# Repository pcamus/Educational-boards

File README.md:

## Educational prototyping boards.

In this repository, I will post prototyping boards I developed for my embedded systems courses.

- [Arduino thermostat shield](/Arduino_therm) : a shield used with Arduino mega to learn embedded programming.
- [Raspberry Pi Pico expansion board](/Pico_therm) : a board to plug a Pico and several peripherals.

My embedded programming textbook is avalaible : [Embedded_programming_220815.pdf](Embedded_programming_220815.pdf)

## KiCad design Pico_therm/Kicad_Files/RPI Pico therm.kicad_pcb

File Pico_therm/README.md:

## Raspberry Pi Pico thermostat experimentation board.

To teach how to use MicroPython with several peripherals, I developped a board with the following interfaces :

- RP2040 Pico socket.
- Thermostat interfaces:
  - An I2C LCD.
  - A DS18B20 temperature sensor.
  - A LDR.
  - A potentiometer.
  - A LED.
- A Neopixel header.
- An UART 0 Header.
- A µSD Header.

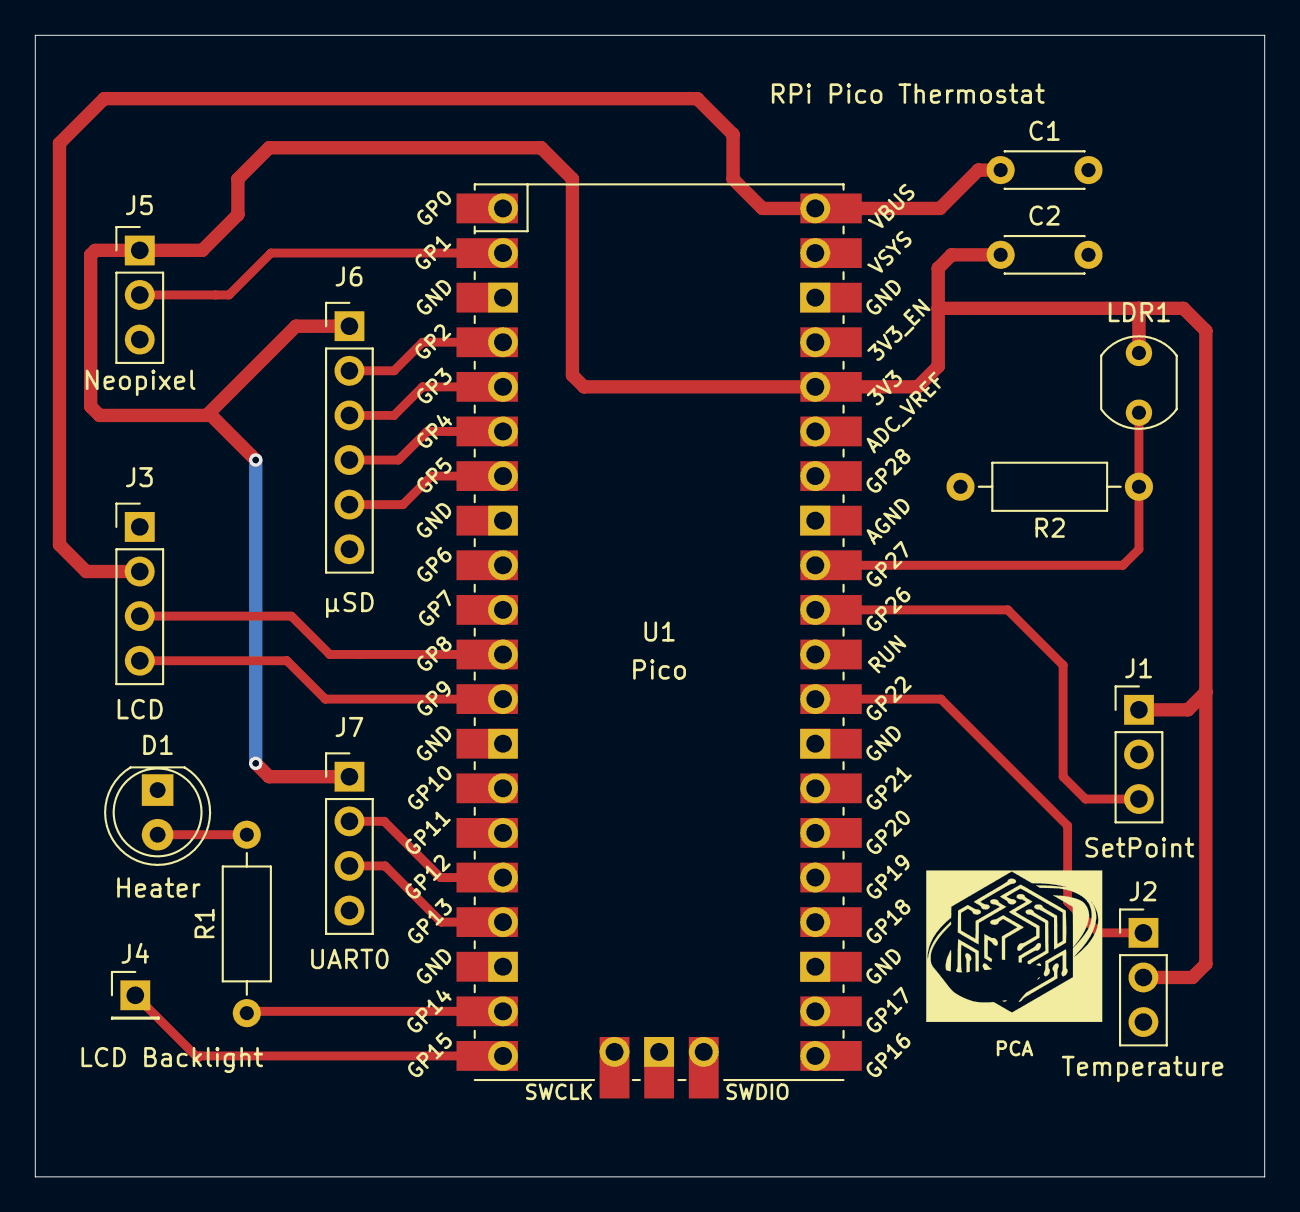
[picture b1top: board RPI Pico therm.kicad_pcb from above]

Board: 2 copper layers, 70.0 x 65.0 mm, 14 parts (0 on the bottom side), 18 nets.

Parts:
C1, C2: 100nF; C_Disc_D4.3mm_W1.9mm_P5.00mm
D1: LED; LED_D5.0mm
J1: SetPoint; PinHeader_1x03_P2.54mm_Vertical
J2: Temperature; PinHeader_1x03_P2.54mm_Vertical
J3: LCD; PinHeader_1x04_P2.54mm_Vertical
J4: LCD Backlight; PinHeader_1x01_P2.54mm_Vertical
J5: Neopixel; PinHeader_1x03_P2.54mm_Vertical
J6: µSD; PinHeader_1x06_P2.54mm_Vertical
J7: UART0; PinHeader_1x04_P2.54mm_Vertical
LDR1: LDR07; R_LDR_5.1x4.3mm_P3.4mm_Vertical
R1: 560R; R_Axial_DIN0207_L6.3mm_D2.5mm_P10.16mm_Horizontal
R2: 10k; R_Axial_DIN0207_L6.3mm_D2.5mm_P10.16mm_Horizontal
U1: Pico; RPi_Pico_SMD_TH

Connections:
+3V3: C2.1, J1.1, J2.2, J5.1, J6.1, J7.1, LDR1.1, U1.36
+5V: C1.1, J3.2, U1.40
/Bckl: J4.1, U1.20
/CSn: J6.5, U1.7
/Heater: R1.1, U1.19
/LDR: LDR1.2, R2.1, U1.32
/MISO: J6.4, U1.6
/MOSI: J6.3, U1.5
/Neopix: J5.2, U1.2
/Onewire: J2.1, U1.29
/POT: J1.3, U1.31
/RxD0: J7.3, U1.17
/SCK: J6.2, U1.4
/SCL: J3.4, U1.12
/SDA: J3.3, U1.11
/TxD0: J7.2, U1.16
GND: C1.2, C2.2, D1.1, J1.2, J2.3, J3.1, J5.3, J6.6, J7.4, R2.2, U1.3, U1.8, U1.13, U1.18, U1.23, U1.28, U1.33, U1.38
unnamed: D1.2, R1.2

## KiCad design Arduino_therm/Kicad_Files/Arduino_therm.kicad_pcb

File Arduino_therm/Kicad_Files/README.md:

## Kicad files version 5

Schematic and PCB also available in pdf format.

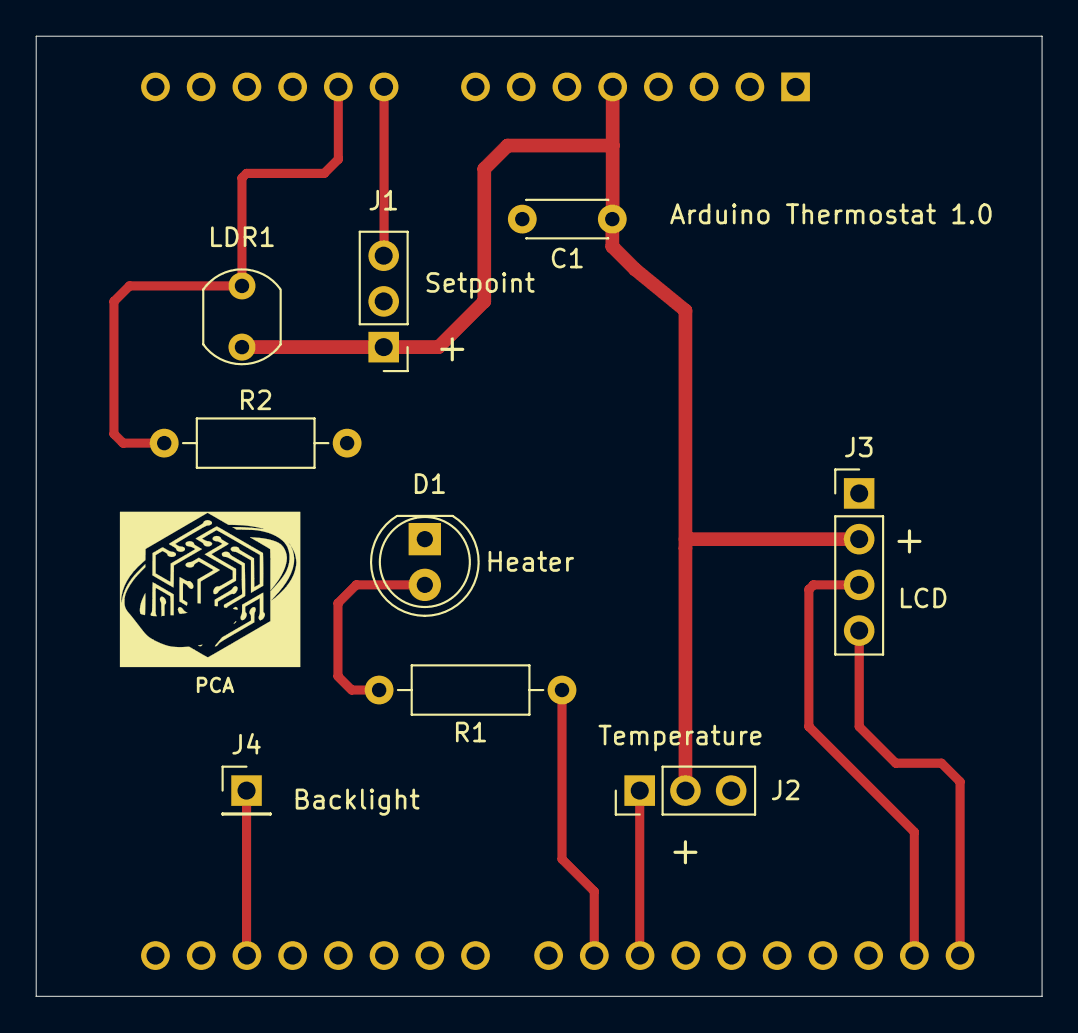
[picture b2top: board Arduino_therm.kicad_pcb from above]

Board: 2 copper layers, 55.9 x 53.3 mm, 10 parts (0 on the bottom side), 10 nets.

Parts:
A1: Arduino_UNO_R3; Arduino_UNO_R3_topv
C1: 100 nF; C_Disc_D4.3mm_W1.9mm_P5.00mm
D1: LED; LED_D5.0mm
J1: Setpoint; PinHeader_1x03_P2.54mm_Vertical
J2: Temperature; PinHeader_1x03_P2.54mm_Vertical
J3: LCD; PinHeader_1x04_P2.54mm_Vertical
J4: LCD Backlight; PinHeader_1x01_P2.54mm_Vertical
LDR1: LDR07; R_LDR_5.1x4.3mm_P3.4mm_Vertical
R1: 820R; R_Axial_DIN0207_L6.3mm_D2.5mm_P10.16mm_Horizontal
R2: 10k; R_Axial_DIN0207_L6.3mm_D2.5mm_P10.16mm_Horizontal

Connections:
/Backlight: A1.17, J4.1
/Heater: A1.24, R1.1
/LDR: A1.10, LDR1.2, R2.1
/Onewire: A1.25, J2.1
/POT: A1.9, J1.3
/SCL: A1.32, J3.4
/SDA: A1.31, J3.3
GND: A1.6, A1.7, A1.29, C1.2, D1.1, J1.2, J2.3, J3.1, R2.2
unnamed: D1.2, R1.2
VCC: A1.5, C1.1, J1.1, J2.2, J3.2, LDR1.1

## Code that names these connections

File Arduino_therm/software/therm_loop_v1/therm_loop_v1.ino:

/**
 * @file therm_loop_v1.ino
 * @brief  thermostat
 * Uses therm_loop_util_v1.ino for functions code
 * @author philippe.camus@hepl.be 
 * @date 19/8/2021   
 */
 
// Necessary libraries 
#include <Wire.h> 
#include <LiquidCrystal_I2C.h>
#include <OneWire.h>
#include <DallasTemperature.h>

#define HEATER_LED 9
#define DS18B20_PIN 10
#define POT A0
#define LDR A1
#define BACKLIGHT 2
#define ON 1
#define OFF 0

#define PROBE 13 // to check loop timing

//#define DEBUG // in normal mode comment out this line
 
// create I/O objects
LiquidCrystal_I2C lcd(0x27,20,2);  // set the LCD address to 0x27 for a 16 chars and 2 line display
OneWire oneWire(DS18B20_PIN); // set up oneWire to pin 10 (DS18B20 connection)
DallasTemperature sensors(&oneWire); // create a DS18B20 object

#include "therm_loop_util_v1.h" // header for your functions


// the setup function runs once when you press reset or power the board
void setup() 
{
#ifdef DEBUG
// initialize console serial communication at 9600 bits per second:
Serial.begin(9600);
#endif

//hardware initialization sensors, display, output controler...
hardware_setup();

pinMode(PROBE, OUTPUT);
digitalWrite(PROBE, LOW);
}


// run continuously
void loop()
{  
uint16_t temperature;
uint16_t setpoint;
uint16_t luminosity;

digitalWrite(PROBE, HIGH);// 1 level = loop duration
  
temperature = read_temperature(); 
display_temperature(temperature);

setpoint = read_setpoint(); 
display_setpoint(setpoint);

if (temperature < setpoint)
  set_heater(ON);
 else
  set_heater(OFF);
   
luminosity = read_luminosity(); 
display_luminosity(luminosity); 

digitalWrite(PROBE, LOW);

delay(500);
#ifdef DEBUG
Serial.println("");
#endif
}

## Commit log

2022-08-04 Create KiCad files
2022-11-16 Corrected to remove global variables
2022-11-22 Add roadworks traffic lights

===

__What to work on__
Nothing but the lines from the first line of the listing above through the line holding "In this repository, I" should be reproduced, and each must match exactly.

__Exercise solution__
# Repository pcamus/Educational-boards

File README.md:

## Educational prototyping boards.

In this repository, I will post prototyping boards I developed for my embedded systems courses.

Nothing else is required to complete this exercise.